As of this writing, the jar files are provided in a zip file from that location. Copy the zip file to the server where you will run the SolaceQueueIngester, then open the zip file. Within this zip file is a 'lib' directory. Copy all of the .jar files from within the lib directory to: /etc/sysconfig/deephaven/illumon.d.latest/java_lib
SolaceIngesters
SolaceIngesters are classes available from the SolaceIngester plugin. Clients who utilize the Solace™ PubSub+ Mesh can use these classes to import data directly into a Deephaven instance from Solace. The messages being delivered by Solace must be in a form that can be converted into Deephaven data rows. The SolaceIngester plugin includes pre-built adapters for raw text and for JSON, but other adapters can be created as needed.
SolaceQueueIngester
The SolaceQueueIngester is a SolaceIngester that can connect a Solace Queue directly to Deephaven.
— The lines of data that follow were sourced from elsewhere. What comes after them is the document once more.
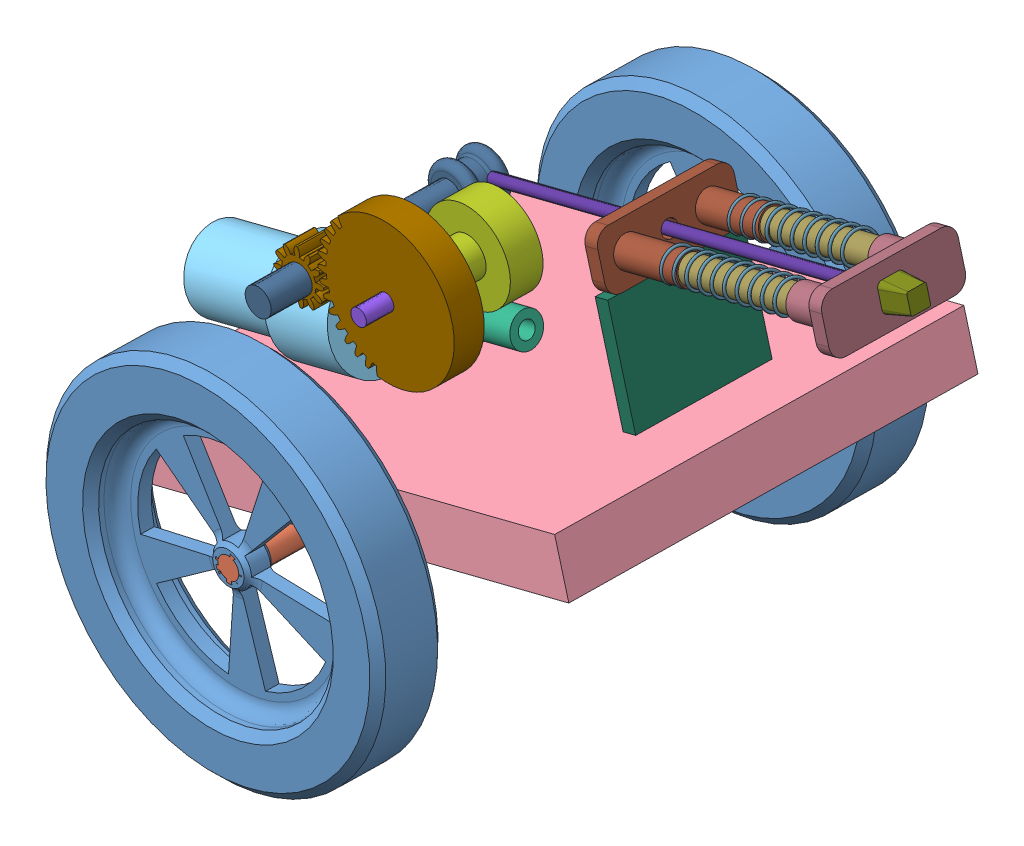
SolidWorks assembly hopbot, configuration Default. Lengths in mm.
Overall size (257.32 220.83 208.84).
25 component instances, 17 part files, 29 mates.
Components (placement in the parent):
- Wheel-1: Wheel [Default] at (153.0889 54.0501 242.6626) x (-0.591616 -0.806022 -0.017867) z (0.805928 -0.591853 0.013818) size (130 25 130)
- Wheel-2: Wheel [Default] at (156.9972 55.1705 62.7085) x (0.999531 -0.021713 0.021573) z (0.021573 0.999745 0.006693) size (130 25 130)
- axle-1: axle [Default] at (157.3772 55.2794 45.213) x (0.999697 0.011491 0.021783) z (-0.021713 -0.006224 0.999745) size (10 10 190)
- heavy duty external retaining ring_am-1: heavy duty external retaining ring_am [B27.8M - 3DM1-10] at (156.4001 54.9993 90.2015) x (-0.999426 0.026162 -0.021543) z (-0.021713 -0.006224 0.999745) size (12.01 13.7 0.9)
- heavy duty external retaining ring_am-2: heavy duty external retaining ring_am [B27.8M - 3DM1-10] at (154.2288 54.3769 190.176) x (0.933565 -0.357955 0.018047) z (0.021713 0.006224 -0.999745) size (12.01 13.7 0.9)
- base-1: base [Default] at (172.8306 85.6388 140.7619) x (-0.965028 -0.261173 -0.022585) z (0.261247 -0.965272 -0.000336) size (180 150 20.3)
- mech assss-2: mech assss [Default] at (19.8287 53.8894 183.2088) x (-0.021713 -0.006224 0.999745) z (0.965028 0.261173 0.022585) size (85 84.66 148.5)
  - motor 2-1: motor 2 [Default] at (-20.0328 -8.9413 64.9846) size (36.56 36.56 102.5)
  - worm gear part 1-1: worm gear part 1 [Default] at (-20.0328 -16.9313 156.9846) size (17.5 17.5 31)
  - worm gear part 2-1: worm gear part 2 [Default] at (-26.0328 -39.1813 177.2924) x (0 0 -1) z (1 0 0) size (32.5 32.5 20)
  - shaft between 2pi3 and wom-1: shaft between 2pi3 and wom [Default] at (-33.9558 -39.1813 177.2924) x (0 0.802001 0.597323) z (1 0 0) size (6 6 60)
  - gears 1 parts-1: gears 1 parts [Default] at (4.9895 -39.1813 177.2924) x (0 0 -1) z (1 0 0) size (81.08 72.3 27)
    - spur gear_am-2: spur gear_am [Metric - Spur gear 1.375M 36T 14.5PA 11FW ---S12O8H19L6N] x (0 0 1) z (0.834941 0.550339 0) size (19 52.19 52.19)
    - spur gear_am-3: spur gear_am [Metric - Spur gear 1.375M 12T 14.5PA 11FW ---S12B8H27L6N] at (34.6667 0 11) x (0 0 -1) z (0.092549 -0.995708 0) size (27 18.78 18.78)
  - pulley-2: pulley [Default] at (-47.5495 -31.8638 144.3817) x (-1 0 0) z (0 0.245825 -0.969314) size (85 19 19)
- assem3-1: assem3 [Default] at (243.7646 124.6731 228.6931) x (0.021713 0.006224 -0.999745) z (0.965028 0.261173 0.022585) size (50.03 20.07 94)
  - mount 1-1: mount 1 [Default] at (83.1556 34.1999 -20.6338) size (50 20 30)
  - mount 3-1: mount 3 [Default] at (74.1257 30.823 12.9837) x (0.99402 -0.109194 0) z (0 0 -1) size (9.6 9.6 49)
  - mount2-1: mount2 [Default] at (66.1694 39.939 73.3662) x (0.999999 -0.001471 0) z (0 0 -1) size (50 20 20)
  - spring-2: spring [Default] at (74.3292 31.0434 2.2218) x (0.374492 0.92723 0) z (0 0 1) size (13 13 51)
  - mount 3-2: mount 3 [Default] at (104.1257 30.823 12.9837) x (-0.689119 -0.724648 0) z (0 0 -1) size (9.6 9.6 49)
  - spring-3: spring [Default] at (104.4257 30.8209 -3.54) x (0.412087 0.911145 0) z (0 0 1) size (13 13 51)
- Part2-1: Part2 [Default] at (222.4251 130.961 143.5332) x (0.021713 0.006224 -0.999745) z (0.965028 0.261173 0.022585) size (50 40 5)
- Part3-1: Part3 [Default] at (308.2338 175.2683 137.3683) x (0.022097 0.004805 -0.999744) z (0.965028 0.261173 0.022585) size (10 10 10)
- Part4-1: Part4 [Default] at (154.6959 132.5307 137.6592) x (0.092862 -0.260011 -0.96113) z (0.965028 0.261173 0.022585) size (4 4 150)
Mates (geometry in assembly coordinates):
- Concentric1: concentric: cylinder of axle-1 through (153.2518 54.0968 235.1645) axis (0.021713 0.006224 -0.999745) radius 5; cylinder of heavy duty external retaining ring_am-2 through (154.2093 54.3713 191.0758) axis (0.021713 0.006224 -0.999745) radius 4.7
- Concentric2: concentric: cylinder of axle-1 through (153.2518 54.0968 235.1645) axis (0.021713 0.006224 -0.999745) radius 5; circle of heavy duty external retaining ring_am-1
- Concentric4: concentric: cylinder of Wheel-1 through (153.0889 54.0501 242.6626) axis (0.021713 0.006224 -0.999745) radius 4; cylinder of axle-1 through (153.2518 54.0968 235.1645) axis (0.021713 0.006224 -0.999745) radius 5
- Concentric5: concentric: cylinder of Wheel-2 through (156.9972 55.1705 62.7085) axis (0.021713 0.006224 -0.999745) radius 4; cylinder of axle-1 through (153.2518 54.0968 235.1645) axis (0.021713 0.006224 -0.999745) radius 5
- Coincident1: coincident: plane of Wheel-1 through (153.2518 54.0968 235.1645) normal (-0.021713 -0.006224 0.999745); plane of axle-1 through (153.2518 54.0968 235.1645) normal (-0.021713 -0.006224 0.999745)
- Coincident2: coincident: plane of Wheel-2 through (157.3772 55.2794 45.213) normal (0.021713 0.006224 -0.999745); plane of axle-1 through (157.3772 55.2794 45.213) normal (0.021713 0.006224 -0.999745)
- Distance1: distance = 35 mm: plane of heavy duty external retaining ring_am-2 through (154.2288 54.3769 190.176) normal (0.021713 0.006224 -0.999745); plane of Wheel-1 through (153.4689 54.159 225.1671) normal (0.021713 0.006224 -0.999745)
- Distance2: distance = 35 mm: plane of Wheel-2 through (157.16 55.2171 55.2104) normal (-0.021713 -0.006224 0.999745); plane of heavy duty external retaining ring_am-1 through (156.4001 54.9993 90.2015) normal (-0.021713 -0.006224 0.999745)
- Tangent1: tangent: cylinder of axle-1 through (153.2518 54.0968 235.1645) axis (0.021713 0.006224 -0.999745) radius 5; plane of base-1 through (178.1339 66.0438 140.755) normal (0.261247 -0.965272 -0.000336)
- Distance3: distance = 2.5 mm: plane of Wheel-2 through (156.9972 55.1705 62.7085) normal (-0.021713 -0.006224 0.999745); plane of base-1 through (266.6149 90.0161 67.8068) normal (0.021713 0.006224 -0.999745)
- Parallel2: parallel: plane of base-1 through (92.9099 43.005 63.7416) normal (-0.965028 -0.261173 -0.022585); plane of mech assss-2/motor 2-1 through (80.6397 79.6171 164.6518) normal (-0.965028 -0.261173 -0.022585)
- Tangent4: tangent: cylinder of Wheel-2 through (157.54 55.3261 37.7149) axis (-0.021713 -0.006224 0.999745) radius 65; plane of base-1 through (92.9099 43.005 63.7416) normal (-0.965028 -0.261173 -0.022585)
- Coincident8: coincident: plane of base-1 through (92.9099 43.005 63.7416) normal (-0.965028 -0.261173 -0.022585); plane of mech assss-2/motor 2-1 through (80.6397 79.6171 164.6518) normal (-0.965028 -0.261173 -0.022585)
- Tangent5: tangent: plane of base-1 through (172.8306 85.6388 140.7619) normal (-0.261247 0.965272 0.000336); cylinder of mech assss-2/motor 2-1 through (140.4714 95.8098 166.052) axis (-0.965028 -0.261173 -0.022585) radius 18.28
- Parallel3: parallel: line of base-1 through (261.3116 109.6111 67.8136) axis (-0.021713 -0.006224 0.999745); cylinder of mech assss-2/shaft between 2pi3 and wom-1 through (180.1193 137.8518 213.2636) axis (0.021713 0.006224 -0.999745) radius 3
- Distance5: distance = 8 mm: line of assembly; plane of mech assss-2/pulley-2 through (152.0082 122.691 132.5383) normal (0.021713 0.006224 -0.999745)
- Parallel4: parallel: plane of base-1 through (266.6149 90.0161 67.8068) normal (0.965028 0.261173 0.022585); plane of assem3-1/mount2-1 through (305.6112 182.8106 162.2115) normal (0.965028 0.261173 0.022585)
- Parallel5: parallel: plane of base-1 through (172.8306 85.6388 140.7619) normal (-0.261247 0.965272 0.000336); plane of assem3-1/mount 1-1 through (224.7819 141.1325 157.2395) normal (0.261247 -0.965272 -0.000336)
- Distance6: distance = 40 mm: plane of assem3-1/mount 1-1 through (224.7385 141.1201 159.239) normal (0.261247 -0.965272 -0.000336); plane of base-1 through (172.8306 85.6388 140.7619) normal (-0.261247 0.965272 0.000336)
- Distance7: distance = 20 mm: plane of mech assss-2/pulley-2 through (152.0082 122.691 132.5383) normal (0.021713 0.006224 -0.999745); plane of assem3-1/mount 1-1 through (221.7968 155.8792 114.2555) normal (0.021713 0.006224 -0.999745)
- Coincident17: coincident: plane of base-1 through (266.6149 90.0161 67.8068) normal (0.965028 0.261173 0.022585); circle of assem3-1/mount 1-1
- Parallel7: parallel: line of base-1 through (261.3116 109.6111 67.8136) axis (-0.021713 -0.006224 0.999745); line of Part2-1 through (230.0661 101.1219 162.1064) axis (0.021713 0.006224 -0.999745)
- Coincident22: coincident: plane of assem3-1/mount 1-1 through (224.7819 141.1325 157.2395) normal (0.261247 -0.965272 -0.000336); plane of Part2-1 through (224.4413 141.0386 162.2328) normal (-0.261247 0.965272 0.000336)
- Coincident23: coincident: plane of assem3-1/mount 1-1 through (221.8402 155.8917 112.256) normal (0.021713 0.006224 -0.999745); plane of Part2-1 through (225.527 141.3498 112.2455) normal (0.021713 0.006224 -0.999745)
- Coincident24: coincident: plane of assem3-1/mount2-1 through (305.6112 182.8106 162.2115) normal (0.965028 0.261173 0.022585); plane of Part3-1 through (308.2772 175.2808 135.3688) normal (-0.965028 -0.261173 -0.022585)
- Distance9: distance = 5 mm: line of assem3-1/mount2-1 through (305.3873 183.7345 161.0939) axis (0.022097 0.004805 -0.999744); line of Part3-1 through (307.0656 178.9891 144.2595) axis (0.022097 0.004805 -0.999744)
- Distance10: distance = 20 mm: line of Part3-1 through (307.7627 177.1053 136.2553) axis (0.261214 -0.96528 0.001134); line of assem3-1/mount2-1 through (310.2966 169.4708 116.2695) axis (-0.261214 0.96528 -0.001134)
- Tangent6: tangent: cylinder of mech assss-2/pulley-2 through (148.6755 128.82 127.8735) axis (0.021713 0.006224 -0.999745) radius 7; plane of Part4-1 through (154.7394 132.5431 135.6597) normal (-0.965028 -0.261173 -0.022585)
- Concentric6: concentric: cylinder of assem3-1/mount 1-1 through (222.6037 150.9097 137.2479) axis (-0.965028 -0.261173 -0.022585) radius 3; cylinder of Part4-1 through (299.4935 171.719 139.0474) axis (-0.965028 -0.261173 -0.022585) radius 2
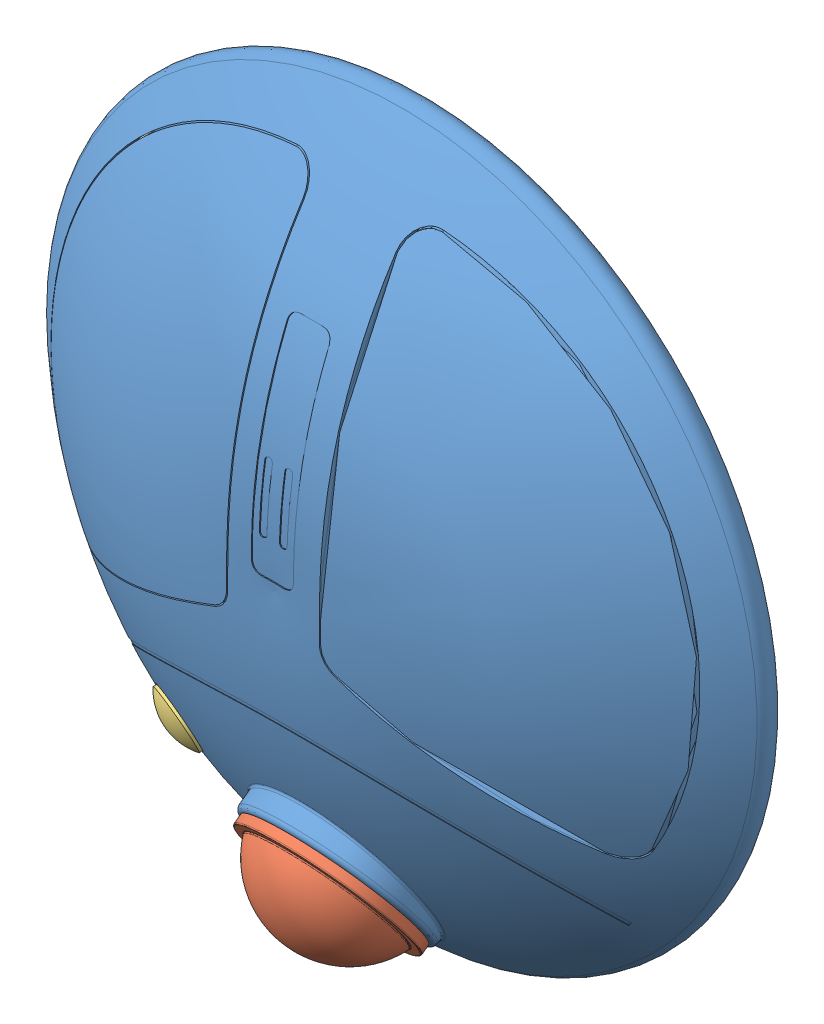
SolidWorks assembly lola, configuration Défaut. Lengths in mm.
Overall size (151.07 156.79 39.42).
3 component instances, 3 part files, 3 mates.
Components (placement in the parent):
- PièceModif-1: PièceModif [Défaut] at (-1.7304 -1.3563 138.4412) size (151.07 156.15 39.42)
- oeil-1: oeil [Défaut] at (-2.0589 -60.3602 155.3762) x (1 0 0) z (0 -0.596117 0.802898) size (34 34 17.25)
- lateraleye-1: lateraleye [Défaut] at (-36.1561 -48.1721 148.781) x (0.945757 -0.074359 0.316252) z (-0.315957 -0.437056 0.842112) size (12 12 7)
Mates (geometry in assembly coordinates):
- Parallèle1: parallel anti-aligned: plane of PièceModif-1 through (-2.0589 -60.3602 155.3762) normal (0 -0.596117 0.802898); plane of oeil-1 through (-2.0589 -57.3796 151.3617) normal (0 0.596117 -0.802898)
- Coïncidente2: coincident anti-aligned: plane of PièceModif-1 through (-2.0589 -60.3602 155.3762) normal (0 -0.596117 0.802898); plane of oeil-1 through (-2.0589 -60.3602 155.3762) normal (0 0.596117 -0.802898)
- Coaxiale1: concentric aligned: cylinder of PièceModif-1 through (-2.0589 -52.0145 144.1356) axis (0 -0.596117 0.802898) radius 13.7871; circle of oeil-1

This is useful in cases where guaranteed delivery is important, or where high-availability is required, as using Queues can ensure that multiple import servers receive identical data.
In order to use the SolaceQueueIngester, a Solace Queue must have already been created, a Deephaven table for data to populate from Solace must exist within Deephaven, and some mechanism must exist by which messages are published from some data source to the Solace Queue. In addition, all messages must have a unique, monotonically increasing ID value included in their message header properties; the name of the property to use is configurable, but must be consistent across all messages.
The SolaceQueueIngester takes in references to a Solace Queue, a Deephaven Data Import Server, and an adapter to convert messages from Solace into rows of Deephaven data. Under standard operation, a SolaceQueueIngester will run inside a Deephaven Persistent Query.
SolaceTopicIngester
The SolaceTopicIngester is a SolaceIngester that can connect a Solace Topic directly to Deephaven. This is useful in cases where only as-available data is important, or where data is not retained for replay later, and it is important only to accurately record the data that was received while the system was running, not to receive the entire universe of data.
In order to use the SolaceTopicIngester, a Solace Topic must be accessible (either a persistent Topic or a temporary Topic), a Deephaven table for data to populate from Solace must exist within Deephaven, and some mechanism must exist by which messages are published from some data source to the Solace Topic. Unlike a SolaceQueueIngester, no unique message ID is required; messages will be handled by the SolaceTopicIngester in the order they are received. Note that this means that replication is not possible with a SolaceTopicIngester; two separate SolaceTopicIngester instances might receive different messages if they do not start at the same instance.
The SolaceTopicIngester takes in references to a Solace Topic, a Deephaven Data Import Server, and an adapter to convert messages from Solace into rows of Deephaven data. Under standard operation, a SolaceTopicIngester will run inside a Deephaven Persistent Query.
Data Import Server Configuration
SolaceIngesters write directly to a Deephaven Data Import Server (DIS), which must be configured to write data out appropriately.
Directory setup
Each instance of a DIS must have exclusive control over the directories that it is writing to. If the data routing is configured such that two Data Import Servers will have a disjoint set of partitions, they can share the storage. However, for simplicity, Deephaven recommends that each DIS has a unique directory using a path such as: /db/dataImportServers]/[DIS_Name]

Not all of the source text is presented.